О словах, прозвучавших из уст умершего Водыря, не вспоминали, или старались не вспоминать. Яромира это устраивало, хотя сам он ни о чем другом думать не мог. Если отдадите Нехлада… Зачем он навайям? То есть не им, конечно, навайи отнюдь не кажутся разумными, но тому, кто их направляет… Или — той? Упырица, являвшаяся во снах, должно быть, властвует над ордами нежити. Хотя какая уж там упырица! Ей под силу управлять ветрами Ашета и мертвой человеческой плотью, вытягивать силу из живых, врываться в сны и без труда выведывать тайники человеческих душ — нет, упыри из жутких сказок, которые положено рассказывать зимними вечерами, тут ни при чем.

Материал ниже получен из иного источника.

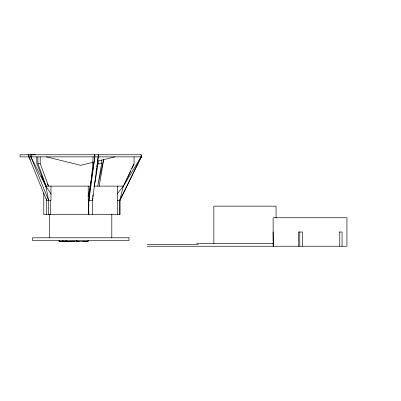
<?xml version="1.0" encoding="UTF-8"?>
<svg xmlns="http://www.w3.org/2000/svg" width="401" height="401" viewBox="0 0 401 401"><rect width="100%" height="100%" fill="white"/><g stroke="black" fill="none" stroke-linecap="round" stroke-linejoin="round"><path stroke-width="0.6" d="M97.263 164.184L98.451 154.766L92.506 200.36L92.506 214.595M28.742 156.841L28.767 154.766M98.451 155.819L98.481 154.766L98.451 156.871M88.937 214.595C87.613 195.197 92.842 176.164 93.027 156.871M92.731 197.883L92.506 200.36L88.436 200.36L88.436 214.595M92.847 196.645L93.017 194.786M88.937 200.36L94.852 156.871L94.852 154.766M96.019 172.104L96.21 170.886M96.4 169.668L96.596 168.45M96.882 166.621L97.072 165.402M99.202 186.27L103.719 159.322M98.16 160.505L98.16 163.533L94.415 185.508L94.711 184.295M101.603 159.899L101.603 163.533L97.759 186.119L103.598 159.312M88.06 196.801L90.25 186.119L94.852 156.871L141.352 156.871L141.352 154.766L20.05 154.766L20.05 156.871L30.887 156.871L45.799 186.119L51.203 194.254M95.373 181.247L95.639 180.029M119.754 214.595L119.754 200.36L123.358 186.119L134.064 163.533L134.064 156.871M120.305 199.172L120.009 200.36L120.009 214.595L43.784 214.595L43.784 192.931M124.681 183.864L127.363 178.214M127.894 177.087L130.571 171.438M131.909 168.615L134.054 164.094M119.754 200.36L141.097 156.871L141.082 154.766M141.097 156.871L123.358 186.119L117.157 193.974M139.738 159.533L141.352 156.871L120.009 200.36L117.358 200.36M93.323 162.204L80.691 165.312L46.416 156.871M97.528 161.167L114.967 156.871M79.238 241.227L76.847 241.492L76.847 240.259M59.062 240.259L59.062 241.492L74.937 241.196M35.253 154.766L31.634 154.766M37.874 156.871L37.874 163.533L40.2 163.533L48.541 186.119L47.478 183.869M98.16 163.533L101.603 163.533M45.403 186.119L90.436 186.119M93.954 186.119L123.613 186.119M273.131 231.999L273.347 246.234M339.291 231.999L342.053 231.999L342.053 246.234M59.062 241.492L88.115 241.492L88.115 240.259M196.68 243.597L273.457 243.597M147.252 244.655L198.294 244.655M147.252 246.234L346.935 246.234L346.935 217.758L273.126 217.758L273.131 246.234M82.837 241.217L88.115 241.492M28.877 154.766L28.877 156.871L30.281 159.633M41.433 175.999L46.215 186.119L37.874 163.533M48.591 214.595L48.591 200.36L30.887 156.871L30.887 154.766M28.877 156.871L46.581 200.36L46.581 214.595M48.591 200.36L45.799 186.119L36.797 163.533L36.797 156.871M46.235 198.58L46.581 200.36L50.681 200.36L50.681 214.595M339.752 231.999L339.752 246.234M302.489 246.234L302.489 231.999L298.414 231.999L298.414 246.234M299.783 231.999L299.783 246.234M276.068 218.014L276.068 206.159L213.853 206.159L213.853 243.597M117.378 186.119L117.358 214.595M111.799 214.089L111.799 237.798M94.375 154.766L94.375 156.871L31.062 156.871L31.062 154.766M88.235 186.119L88.235 200.36M66.11 240.259L66.11 241.492M62.947 240.259L62.947 241.492M50.972 186.119L50.972 200.36M49.584 214.089L49.584 237.798M40.2 156.871L40.2 163.533M128.972 237.798L32.416 237.798L32.416 240.435L128.972 240.435L128.972 237.798"/></g></svg>

Таких страшилищ славирские предания не знали.
Но зачем же ей Нехлад? Почему с такими силами она не пришла и не взяла его еще тогда, у Монгеруде? Почему позволила навайям напасть малым числом, когда они были в полной силе, и бросила на плот такие полчища теперь, на границе Ашета, где мощь их несравненно меньше?
Ваша доблесть высока, люди… Однако время доблести прошло.
Какой в этом смысл?
Ты неглуп… Но ничего не знаешь.
* * *
Спустя несколько часов Лесная раздалась, и впереди показалась озерная гладь.
Перебирая шестами по отмелям, походники вывели плот к северному берегу. Там тянулся беспросветный лес, но когда солнце перевалило за полдень, им попалась рыбацкая деревушка — три десятка землянок, лодки у мостков, на берегу растянута для починки сеть.
Люди в простой холщовой одежде высыпали навстречу неожиданным гостям. Встревоженные мужчины сжимали в руках оружие, но Тинар обратился к ним, и, узнав родную речь, лихи успокоились. Впрочем, очень скоро лица их отразили ужас и недоверие.
— Не обо всем нужно говорить, — по-славирски сказал Радиша и, когда смутившийся Тинар смолк, обратился к рыбакам на их языке.
Нехлад, хотя большинство слов были ему знакомы, почти ничего не разобрал. Народ лихов не однороден, и наречия племен, живущих у воды, отличаются от более единообразного степного. Однако он видел, что речь звездочета несколько успокоила рыбаков. Вскоре явился седовласый жрец со строгим лицом. Выслушав его, Радиша сказал:
— На землю ступить они нам не разрешают и едой не поделятся, пока боги не очистят нас от скверны Ашета, но они дадут нам две лодки.
Лодки подогнали тут же. Жрец велел своим сородичам отойти и, заунывно напевая, прикоснулся к каждому борту резным деревянным жезлом.
— А плот бросьте тут, — неожиданно сказал он по-славирски, коверкая слова, но вполне разборчиво. — Мы его сожжем. Коня оставьте, мы о нем позаботимся. Отправим в степь.